Problem Statement

Calculate Meissel–Mertens constant up to a precision your language can handle.

Analogous to Euler's constant, which is important in determining the sum of reciprocal natural numbers, Meissel-Mertens' constant is important in calculating the sum of reciprocal primes.

We consider the finite sum of reciprocal natural numbers: 1 + 1/2 + 1/3 + 1/4 + 1/5 ... 1/n this sum can be well approximated with: log(n) + E where E denotes Euler's constant: 0.57721... log(n) denotes the natural logarithm of n.

Now consider the finite sum of reciprocal primes: 1/2 + 1/3 + 1/5 + 1/7 + 1/11 ... 1/p this sum can be well approximated with: log( log(p) ) + M where M denotes Meissel-Mertens constant: 0.26149...

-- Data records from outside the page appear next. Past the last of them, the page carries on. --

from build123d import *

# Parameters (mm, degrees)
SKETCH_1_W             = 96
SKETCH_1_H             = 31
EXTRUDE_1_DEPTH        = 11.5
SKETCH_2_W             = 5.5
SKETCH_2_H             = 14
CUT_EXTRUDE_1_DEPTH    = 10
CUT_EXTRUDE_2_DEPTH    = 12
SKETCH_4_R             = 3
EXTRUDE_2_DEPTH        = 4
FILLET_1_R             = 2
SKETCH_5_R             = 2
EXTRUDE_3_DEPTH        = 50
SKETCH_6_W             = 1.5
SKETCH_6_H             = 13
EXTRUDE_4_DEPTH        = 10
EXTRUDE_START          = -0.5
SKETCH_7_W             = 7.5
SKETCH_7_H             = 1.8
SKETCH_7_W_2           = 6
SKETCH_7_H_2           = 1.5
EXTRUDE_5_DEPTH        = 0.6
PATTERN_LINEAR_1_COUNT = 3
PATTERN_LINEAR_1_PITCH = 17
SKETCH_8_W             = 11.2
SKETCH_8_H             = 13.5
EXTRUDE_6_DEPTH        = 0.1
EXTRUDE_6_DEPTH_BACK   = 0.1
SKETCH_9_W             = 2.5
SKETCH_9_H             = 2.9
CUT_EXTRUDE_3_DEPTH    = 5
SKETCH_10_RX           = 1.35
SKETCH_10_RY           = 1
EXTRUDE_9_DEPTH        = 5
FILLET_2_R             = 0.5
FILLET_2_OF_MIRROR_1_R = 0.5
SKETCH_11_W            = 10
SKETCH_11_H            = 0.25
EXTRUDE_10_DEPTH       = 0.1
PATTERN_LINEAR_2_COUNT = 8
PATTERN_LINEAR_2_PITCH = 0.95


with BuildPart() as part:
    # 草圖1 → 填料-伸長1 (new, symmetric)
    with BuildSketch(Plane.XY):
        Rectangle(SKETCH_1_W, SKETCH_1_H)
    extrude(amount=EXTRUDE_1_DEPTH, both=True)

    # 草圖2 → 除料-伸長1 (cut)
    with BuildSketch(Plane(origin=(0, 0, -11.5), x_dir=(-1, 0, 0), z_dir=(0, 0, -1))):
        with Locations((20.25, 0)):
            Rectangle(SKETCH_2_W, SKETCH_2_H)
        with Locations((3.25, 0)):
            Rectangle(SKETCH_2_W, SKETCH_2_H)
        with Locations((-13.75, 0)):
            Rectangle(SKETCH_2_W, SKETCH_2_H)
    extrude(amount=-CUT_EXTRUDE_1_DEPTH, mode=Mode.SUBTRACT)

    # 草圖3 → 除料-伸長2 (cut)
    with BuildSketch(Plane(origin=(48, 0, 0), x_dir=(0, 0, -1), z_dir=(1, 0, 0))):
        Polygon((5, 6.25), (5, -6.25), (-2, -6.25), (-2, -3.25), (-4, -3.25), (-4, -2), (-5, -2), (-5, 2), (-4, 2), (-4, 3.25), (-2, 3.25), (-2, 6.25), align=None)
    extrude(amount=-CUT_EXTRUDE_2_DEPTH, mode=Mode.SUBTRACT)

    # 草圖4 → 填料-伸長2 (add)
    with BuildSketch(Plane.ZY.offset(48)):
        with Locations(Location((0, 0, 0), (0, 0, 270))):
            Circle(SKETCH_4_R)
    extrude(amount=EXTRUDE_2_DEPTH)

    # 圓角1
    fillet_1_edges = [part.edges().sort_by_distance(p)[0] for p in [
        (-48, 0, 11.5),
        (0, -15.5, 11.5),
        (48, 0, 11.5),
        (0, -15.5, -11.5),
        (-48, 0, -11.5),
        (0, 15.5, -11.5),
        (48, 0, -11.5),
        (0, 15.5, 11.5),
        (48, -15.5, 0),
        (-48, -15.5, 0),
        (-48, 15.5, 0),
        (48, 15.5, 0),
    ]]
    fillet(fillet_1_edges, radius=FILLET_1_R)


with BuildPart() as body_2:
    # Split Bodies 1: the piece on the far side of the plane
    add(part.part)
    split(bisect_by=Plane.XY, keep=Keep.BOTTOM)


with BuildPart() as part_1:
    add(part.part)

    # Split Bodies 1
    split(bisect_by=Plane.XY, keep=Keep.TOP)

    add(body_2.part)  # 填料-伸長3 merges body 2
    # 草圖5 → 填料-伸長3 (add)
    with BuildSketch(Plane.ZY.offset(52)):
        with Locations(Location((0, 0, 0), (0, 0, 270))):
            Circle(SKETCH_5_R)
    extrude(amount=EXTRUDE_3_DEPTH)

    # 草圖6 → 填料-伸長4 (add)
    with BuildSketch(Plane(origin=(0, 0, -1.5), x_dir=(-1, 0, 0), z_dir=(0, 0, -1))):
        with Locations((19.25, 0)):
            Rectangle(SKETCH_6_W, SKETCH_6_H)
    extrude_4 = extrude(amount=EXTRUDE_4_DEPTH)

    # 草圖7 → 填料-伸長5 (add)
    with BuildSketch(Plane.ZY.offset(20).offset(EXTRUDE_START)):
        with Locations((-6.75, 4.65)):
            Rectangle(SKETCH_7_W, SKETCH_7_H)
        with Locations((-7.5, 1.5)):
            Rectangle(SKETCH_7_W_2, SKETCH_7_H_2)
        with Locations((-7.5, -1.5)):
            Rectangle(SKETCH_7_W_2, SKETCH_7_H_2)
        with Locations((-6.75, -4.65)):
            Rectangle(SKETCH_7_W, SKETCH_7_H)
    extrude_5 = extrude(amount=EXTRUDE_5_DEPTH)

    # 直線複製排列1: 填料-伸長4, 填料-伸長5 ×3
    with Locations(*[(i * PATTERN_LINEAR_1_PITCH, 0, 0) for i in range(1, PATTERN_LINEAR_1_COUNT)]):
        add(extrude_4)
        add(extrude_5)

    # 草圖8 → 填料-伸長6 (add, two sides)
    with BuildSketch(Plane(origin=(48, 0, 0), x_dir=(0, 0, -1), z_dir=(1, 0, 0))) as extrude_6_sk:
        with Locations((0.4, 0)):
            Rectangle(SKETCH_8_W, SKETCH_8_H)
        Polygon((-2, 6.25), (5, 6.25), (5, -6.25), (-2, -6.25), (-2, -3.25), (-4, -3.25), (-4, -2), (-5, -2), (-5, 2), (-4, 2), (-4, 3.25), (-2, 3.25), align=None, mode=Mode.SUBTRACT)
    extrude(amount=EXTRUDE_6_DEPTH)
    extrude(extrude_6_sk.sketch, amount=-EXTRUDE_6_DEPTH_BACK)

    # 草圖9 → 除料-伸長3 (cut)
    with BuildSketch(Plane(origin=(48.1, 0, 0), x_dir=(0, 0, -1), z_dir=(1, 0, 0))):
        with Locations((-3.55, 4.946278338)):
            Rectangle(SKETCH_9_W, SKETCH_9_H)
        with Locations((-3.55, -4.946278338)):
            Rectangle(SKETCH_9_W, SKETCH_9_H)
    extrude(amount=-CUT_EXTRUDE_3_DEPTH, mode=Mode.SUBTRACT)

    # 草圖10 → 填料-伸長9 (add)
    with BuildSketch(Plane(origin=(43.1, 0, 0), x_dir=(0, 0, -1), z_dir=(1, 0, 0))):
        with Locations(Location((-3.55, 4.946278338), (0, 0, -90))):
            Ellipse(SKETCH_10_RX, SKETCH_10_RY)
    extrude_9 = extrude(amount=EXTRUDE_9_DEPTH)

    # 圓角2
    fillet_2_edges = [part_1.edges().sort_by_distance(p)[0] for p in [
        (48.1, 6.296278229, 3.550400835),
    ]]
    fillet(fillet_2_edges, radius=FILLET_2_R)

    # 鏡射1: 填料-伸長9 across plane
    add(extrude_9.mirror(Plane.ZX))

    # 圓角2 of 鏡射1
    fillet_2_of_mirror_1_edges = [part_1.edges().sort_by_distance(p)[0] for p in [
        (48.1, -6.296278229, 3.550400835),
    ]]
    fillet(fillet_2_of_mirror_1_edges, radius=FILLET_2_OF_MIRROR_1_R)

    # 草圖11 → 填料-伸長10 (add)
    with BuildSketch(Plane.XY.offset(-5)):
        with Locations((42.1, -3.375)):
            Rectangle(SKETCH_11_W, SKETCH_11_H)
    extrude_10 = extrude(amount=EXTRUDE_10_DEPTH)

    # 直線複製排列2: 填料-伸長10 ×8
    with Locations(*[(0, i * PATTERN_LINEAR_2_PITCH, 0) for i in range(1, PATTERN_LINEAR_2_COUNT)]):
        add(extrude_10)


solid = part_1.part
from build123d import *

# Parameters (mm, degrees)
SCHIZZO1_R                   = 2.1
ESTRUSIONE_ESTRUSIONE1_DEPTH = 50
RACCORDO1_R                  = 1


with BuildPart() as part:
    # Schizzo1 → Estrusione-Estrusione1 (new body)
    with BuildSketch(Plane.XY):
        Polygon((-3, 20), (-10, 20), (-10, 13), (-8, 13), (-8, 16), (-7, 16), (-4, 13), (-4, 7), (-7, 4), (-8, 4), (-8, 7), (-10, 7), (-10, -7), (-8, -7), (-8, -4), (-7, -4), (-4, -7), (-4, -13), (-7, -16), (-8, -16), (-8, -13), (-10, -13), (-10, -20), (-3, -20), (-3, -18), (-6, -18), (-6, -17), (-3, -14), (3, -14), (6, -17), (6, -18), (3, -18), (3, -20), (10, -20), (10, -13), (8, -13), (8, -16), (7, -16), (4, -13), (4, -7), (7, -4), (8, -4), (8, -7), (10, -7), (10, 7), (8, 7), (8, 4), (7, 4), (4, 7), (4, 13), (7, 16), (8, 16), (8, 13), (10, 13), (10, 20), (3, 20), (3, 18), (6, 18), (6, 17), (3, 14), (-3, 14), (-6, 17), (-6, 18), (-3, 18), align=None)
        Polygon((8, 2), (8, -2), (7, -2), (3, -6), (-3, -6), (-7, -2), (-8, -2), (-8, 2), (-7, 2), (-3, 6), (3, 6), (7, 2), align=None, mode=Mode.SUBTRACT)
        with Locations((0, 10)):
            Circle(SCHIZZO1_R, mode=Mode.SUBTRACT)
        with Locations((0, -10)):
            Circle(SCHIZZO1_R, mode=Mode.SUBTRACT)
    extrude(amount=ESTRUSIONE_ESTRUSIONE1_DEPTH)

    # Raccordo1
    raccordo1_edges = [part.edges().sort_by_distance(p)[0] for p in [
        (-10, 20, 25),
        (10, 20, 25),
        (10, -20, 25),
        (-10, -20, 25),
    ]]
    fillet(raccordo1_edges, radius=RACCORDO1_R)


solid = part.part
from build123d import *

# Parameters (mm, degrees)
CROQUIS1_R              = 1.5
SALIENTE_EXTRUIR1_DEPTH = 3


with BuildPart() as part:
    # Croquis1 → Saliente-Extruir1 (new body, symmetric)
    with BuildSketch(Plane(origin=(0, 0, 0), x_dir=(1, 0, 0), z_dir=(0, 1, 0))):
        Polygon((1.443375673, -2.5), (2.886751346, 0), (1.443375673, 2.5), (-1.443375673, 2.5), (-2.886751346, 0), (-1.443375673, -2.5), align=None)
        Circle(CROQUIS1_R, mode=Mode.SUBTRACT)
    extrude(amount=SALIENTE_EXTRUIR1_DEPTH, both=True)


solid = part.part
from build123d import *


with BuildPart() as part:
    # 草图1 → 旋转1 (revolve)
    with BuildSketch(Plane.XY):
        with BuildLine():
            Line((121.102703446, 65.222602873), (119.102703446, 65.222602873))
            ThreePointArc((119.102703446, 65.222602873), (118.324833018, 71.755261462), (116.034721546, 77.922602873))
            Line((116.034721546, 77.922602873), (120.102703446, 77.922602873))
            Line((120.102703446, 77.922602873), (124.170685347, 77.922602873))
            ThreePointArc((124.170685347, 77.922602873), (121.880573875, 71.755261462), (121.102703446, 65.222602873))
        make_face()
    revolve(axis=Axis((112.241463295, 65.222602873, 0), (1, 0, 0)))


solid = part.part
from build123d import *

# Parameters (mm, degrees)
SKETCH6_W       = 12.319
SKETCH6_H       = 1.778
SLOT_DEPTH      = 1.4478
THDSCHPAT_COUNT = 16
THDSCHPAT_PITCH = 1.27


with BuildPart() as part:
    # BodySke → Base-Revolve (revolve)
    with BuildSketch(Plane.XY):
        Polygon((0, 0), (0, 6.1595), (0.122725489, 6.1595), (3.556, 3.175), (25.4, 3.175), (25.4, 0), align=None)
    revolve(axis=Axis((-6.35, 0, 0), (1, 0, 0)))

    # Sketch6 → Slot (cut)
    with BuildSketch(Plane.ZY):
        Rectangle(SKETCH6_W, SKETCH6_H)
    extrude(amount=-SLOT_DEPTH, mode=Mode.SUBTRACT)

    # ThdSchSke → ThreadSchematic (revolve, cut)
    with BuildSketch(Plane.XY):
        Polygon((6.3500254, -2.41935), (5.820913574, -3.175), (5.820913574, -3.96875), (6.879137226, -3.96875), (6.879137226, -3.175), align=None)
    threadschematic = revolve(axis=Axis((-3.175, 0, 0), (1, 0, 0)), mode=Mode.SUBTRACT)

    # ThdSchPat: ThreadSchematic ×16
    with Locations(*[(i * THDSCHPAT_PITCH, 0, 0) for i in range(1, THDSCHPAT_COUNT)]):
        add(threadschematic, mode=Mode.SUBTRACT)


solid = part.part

Let's start with the solution:

{
MM(t)=
  my(s=0);
  forprime(p = 2, t,
    s += log(1.-1./p)+1./p
  );
  Euler+s
};

{
Meissel_Mertens(d)=
  default(realprecision, d);
  my(prec = default(realprecision), z = 0, y = 0, q);
  forprime(p = 2 , 7, 
    z += log(1.-1./p)+1./p
  );
  for(k = 2, prec,
    q = 1;
    forprime(p = 2, 7, 
      q *= 1.-p^-k
    );
    y += moebius(k)*log(zeta(k)*q)/k
  );
  Euler+z+y
};